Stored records
((

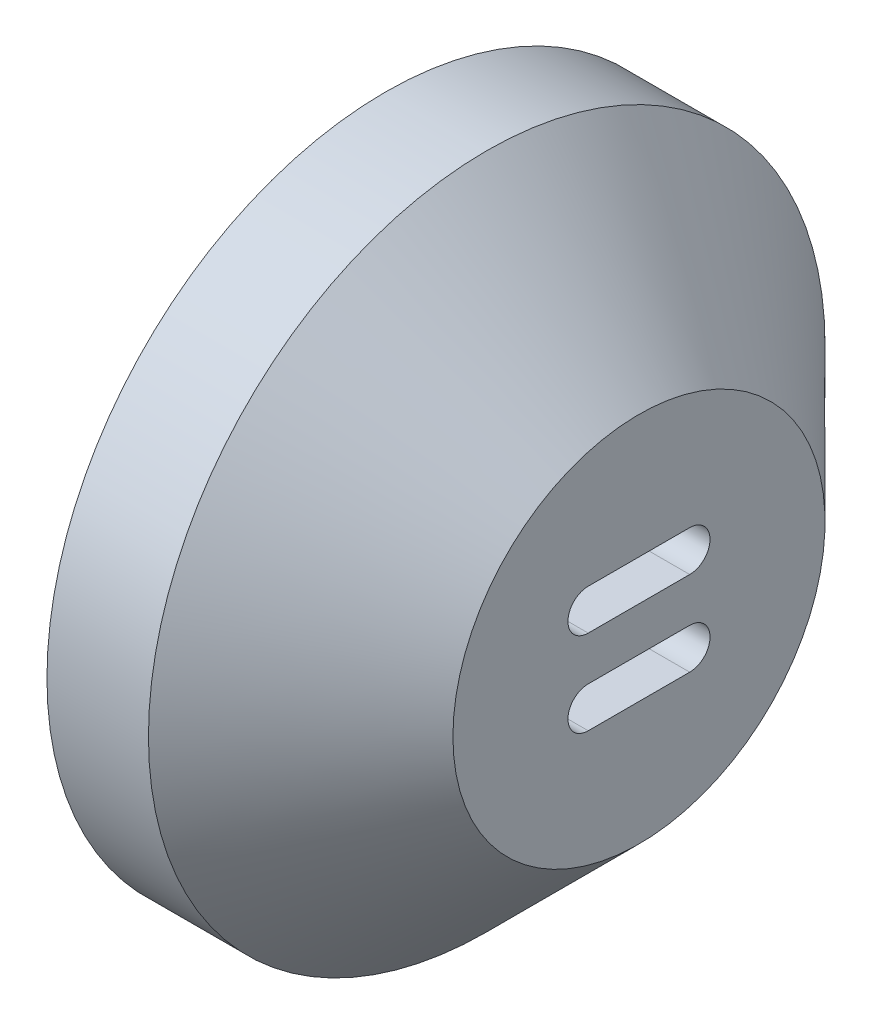
ISO-10303-21;
HEADER;
FILE_DESCRIPTION(('STEP AP214'),'2;1');
FILE_NAME('part.step','',(''),(''),'','','');
FILE_SCHEMA(('AUTOMOTIVE_DESIGN { 1 0 10303 214 1 1 1 1 }'));
ENDSEC;
DATA;
#1=APPLICATION_CONTEXT('core data for automotive mechanical design processes');
#2=APPLICATION_PROTOCOL_DEFINITION('international standard','automotive_design',2000,#1);
#3=PRODUCT_CONTEXT('',#1,'mechanical');
#4=PRODUCT('Part','Part','',(#3));
#5=PRODUCT_RELATED_PRODUCT_CATEGORY('part','',(#4));
#6=PRODUCT_DEFINITION_FORMATION('','',#4);
#7=PRODUCT_DEFINITION_CONTEXT('part definition',#1,'design');
#8=PRODUCT_DEFINITION('design','',#6,#7);
#9=PRODUCT_DEFINITION_SHAPE('','',#8);
#10=(LENGTH_UNIT() NAMED_UNIT(*) SI_UNIT(.MILLI.,.METRE.));
#11=(NAMED_UNIT(*) PLANE_ANGLE_UNIT() SI_UNIT($,.RADIAN.));
#12=(NAMED_UNIT(*) SI_UNIT($,.STERADIAN.) SOLID_ANGLE_UNIT());
#13=UNCERTAINTY_MEASURE_WITH_UNIT(LENGTH_MEASURE(1.E-05),#10,'distance_accuracy_value','');
#14=(GEOMETRIC_REPRESENTATION_CONTEXT(3) GLOBAL_UNCERTAINTY_ASSIGNED_CONTEXT((#13)) GLOBAL_UNIT_ASSIGNED_CONTEXT((#10,
#11,#12)) REPRESENTATION_CONTEXT('',''));
#15=CARTESIAN_POINT('',(0.,0.,0.));
#16=DIRECTION('',(0.,0.,1.));
#17=DIRECTION('',(1.,0.,0.));
#18=AXIS2_PLACEMENT_3D('',#15,#16,#17);
#19=CARTESIAN_POINT('',(63.,-6.07292495320219,0.));
#20=DIRECTION('',(1.,0.,0.));
#21=DIRECTION('',(0.,0.,-1.));
#22=AXIS2_PLACEMENT_3D('',#19,#20,#21);
#23=PLANE('',#22);
#24=CARTESIAN_POINT('',(63.,-56.1023622047251,0.));
#25=DIRECTION('',(-1.,0.,0.));
#26=DIRECTION('',(0.,0.,1.));
#27=AXIS2_PLACEMENT_3D('',#24,#25,#26);
#28=CIRCLE('',#27,50.0294372515229);
#29=CARTESIAN_POINT('',(63.,-56.1023622047251,50.0294372515229));
#30=VERTEX_POINT('',#29);
#31=EDGE_CURVE('E248',#30,#30,#28,.T.);
#32=ORIENTED_EDGE('',*,*,#31,.T.);
#33=EDGE_LOOP('',(#32));
#34=FACE_BOUND('',#33,.T.);
#35=DIRECTION('',(0.,0.,1.));
#36=VECTOR('',#35,1.);
#37=CARTESIAN_POINT('',(63.,-49.6023622047251,-15.));
#38=LINE('',#37,#36);
#39=CARTESIAN_POINT('',(63.,-49.6023622047251,-15.));
#40=VERTEX_POINT('',#39);
#41=CARTESIAN_POINT('',(63.,-49.602362204725,15.));
#42=VERTEX_POINT('',#41);
#43=EDGE_CURVE('E175',#40,#42,#38,.T.);
#44=ORIENTED_EDGE('',*,*,#43,.F.);
#45=CARTESIAN_POINT('',(63.,-43.602362204725,-15.));
#46=DIRECTION('',(-1.,0.,0.));
#47=DIRECTION('',(0.,0.,1.));
#48=AXIS2_PLACEMENT_3D('',#45,#46,#47);
#49=CIRCLE('',#48,6.);
#50=CARTESIAN_POINT('',(63.,-37.602362204725,-15.));
#51=VERTEX_POINT('',#50);
#52=EDGE_CURVE('E156',#51,#40,#49,.T.);
#53=ORIENTED_EDGE('',*,*,#52,.F.);
#54=DIRECTION('',(0.,0.,-1.));
#55=VECTOR('',#54,1.);
#56=CARTESIAN_POINT('',(63.,-37.602362204725,-15.));
#57=LINE('',#56,#55);
#58=CARTESIAN_POINT('',(63.,-37.6023622047251,15.));
#59=VERTEX_POINT('',#58);
#60=EDGE_CURVE('E164',#59,#51,#57,.T.);
#61=ORIENTED_EDGE('',*,*,#60,.F.);
#62=CARTESIAN_POINT('',(63.,-43.602362204725,15.));
#63=DIRECTION('',(-1.,0.,0.));
#64=DIRECTION('',(0.,0.,1.));
#65=AXIS2_PLACEMENT_3D('',#62,#63,#64);
#66=CIRCLE('',#65,6.);
#67=EDGE_CURVE('E178',#42,#59,#66,.T.);
#68=ORIENTED_EDGE('',*,*,#67,.F.);
#69=EDGE_LOOP('',(#44,#53,#61,#68));
#70=FACE_BOUND('',#69,.T.);
#71=CARTESIAN_POINT('',(63.,-68.6023622047251,-15.));
#72=DIRECTION('',(1.,0.,0.));
#73=DIRECTION('',(0.,0.,1.));
#74=AXIS2_PLACEMENT_3D('',#71,#72,#73);
#75=CIRCLE('',#74,6.);
#76=CARTESIAN_POINT('',(63.,-74.6023622047251,-15.));
#77=VERTEX_POINT('',#76);
#78=CARTESIAN_POINT('',(63.,-62.6023622047251,-15.));
#79=VERTEX_POINT('',#78);
#80=EDGE_CURVE('E51',#77,#79,#75,.T.);
#81=ORIENTED_EDGE('',*,*,#80,.T.);
#82=DIRECTION('',(0.,0.,1.));
#83=VECTOR('',#82,1.);
#84=CARTESIAN_POINT('',(63.,-62.6023622047251,-15.));
#85=LINE('',#84,#83);
#86=CARTESIAN_POINT('',(63.,-62.6023622047251,15.));
#87=VERTEX_POINT('',#86);
#88=EDGE_CURVE('E141',#79,#87,#85,.T.);
#89=ORIENTED_EDGE('',*,*,#88,.T.);
#90=CARTESIAN_POINT('',(63.,-68.6023622047251,15.));
#91=DIRECTION('',(1.,0.,0.));
#92=DIRECTION('',(0.,0.,1.));
#93=AXIS2_PLACEMENT_3D('',#90,#91,#92);
#94=CIRCLE('',#93,6.);
#95=CARTESIAN_POINT('',(63.,-74.6023622047251,15.));
#96=VERTEX_POINT('',#95);
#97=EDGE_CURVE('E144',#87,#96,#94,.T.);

))

What you give back should be only the lines of the records above, starting at the line with "#11,#12)) REPRESENTATION_CONTEXT('',''));" and ending at the line with "#70=FACE_BOUND('',#69,.T.);", restated word for word.

▸ Answer to this problem:
#11,#12)) REPRESENTATION_CONTEXT('',''));
#15=CARTESIAN_POINT('',(0.,0.,0.));
#16=DIRECTION('',(0.,0.,1.));
#17=DIRECTION('',(1.,0.,0.));
#18=AXIS2_PLACEMENT_3D('',#15,#16,#17);
#19=CARTESIAN_POINT('',(63.,-6.07292495320219,0.));
#20=DIRECTION('',(1.,0.,0.));
#21=DIRECTION('',(0.,0.,-1.));
#22=AXIS2_PLACEMENT_3D('',#19,#20,#21);
#23=PLANE('',#22);
#24=CARTESIAN_POINT('',(63.,-56.1023622047251,0.));
#25=DIRECTION('',(-1.,0.,0.));
#26=DIRECTION('',(0.,0.,1.));
#27=AXIS2_PLACEMENT_3D('',#24,#25,#26);
#28=CIRCLE('',#27,50.0294372515229);
#29=CARTESIAN_POINT('',(63.,-56.1023622047251,50.0294372515229));
#30=VERTEX_POINT('',#29);
#31=EDGE_CURVE('E248',#30,#30,#28,.T.);
#32=ORIENTED_EDGE('',*,*,#31,.T.);
#33=EDGE_LOOP('',(#32));
#34=FACE_BOUND('',#33,.T.);
#35=DIRECTION('',(0.,0.,1.));
#36=VECTOR('',#35,1.);
#37=CARTESIAN_POINT('',(63.,-49.6023622047251,-15.));
#38=LINE('',#37,#36);
#39=CARTESIAN_POINT('',(63.,-49.6023622047251,-15.));
#40=VERTEX_POINT('',#39);
#41=CARTESIAN_POINT('',(63.,-49.602362204725,15.));
#42=VERTEX_POINT('',#41);
#43=EDGE_CURVE('E175',#40,#42,#38,.T.);
#44=ORIENTED_EDGE('',*,*,#43,.F.);
#45=CARTESIAN_POINT('',(63.,-43.602362204725,-15.));
#46=DIRECTION('',(-1.,0.,0.));
#47=DIRECTION('',(0.,0.,1.));
#48=AXIS2_PLACEMENT_3D('',#45,#46,#47);
#49=CIRCLE('',#48,6.);
#50=CARTESIAN_POINT('',(63.,-37.602362204725,-15.));
#51=VERTEX_POINT('',#50);
#52=EDGE_CURVE('E156',#51,#40,#49,.T.);
#53=ORIENTED_EDGE('',*,*,#52,.F.);
#54=DIRECTION('',(0.,0.,-1.));
#55=VECTOR('',#54,1.);
#56=CARTESIAN_POINT('',(63.,-37.602362204725,-15.));
#57=LINE('',#56,#55);
#58=CARTESIAN_POINT('',(63.,-37.6023622047251,15.));
#59=VERTEX_POINT('',#58);
#60=EDGE_CURVE('E164',#59,#51,#57,.T.);
#61=ORIENTED_EDGE('',*,*,#60,.F.);
#62=CARTESIAN_POINT('',(63.,-43.602362204725,15.));
#63=DIRECTION('',(-1.,0.,0.));
#64=DIRECTION('',(0.,0.,1.));
#65=AXIS2_PLACEMENT_3D('',#62,#63,#64);
#66=CIRCLE('',#65,6.);
#67=EDGE_CURVE('E178',#42,#59,#66,.T.);
#68=ORIENTED_EDGE('',*,*,#67,.F.);
#69=EDGE_LOOP('',(#44,#53,#61,#68));
#70=FACE_BOUND('',#69,.T.);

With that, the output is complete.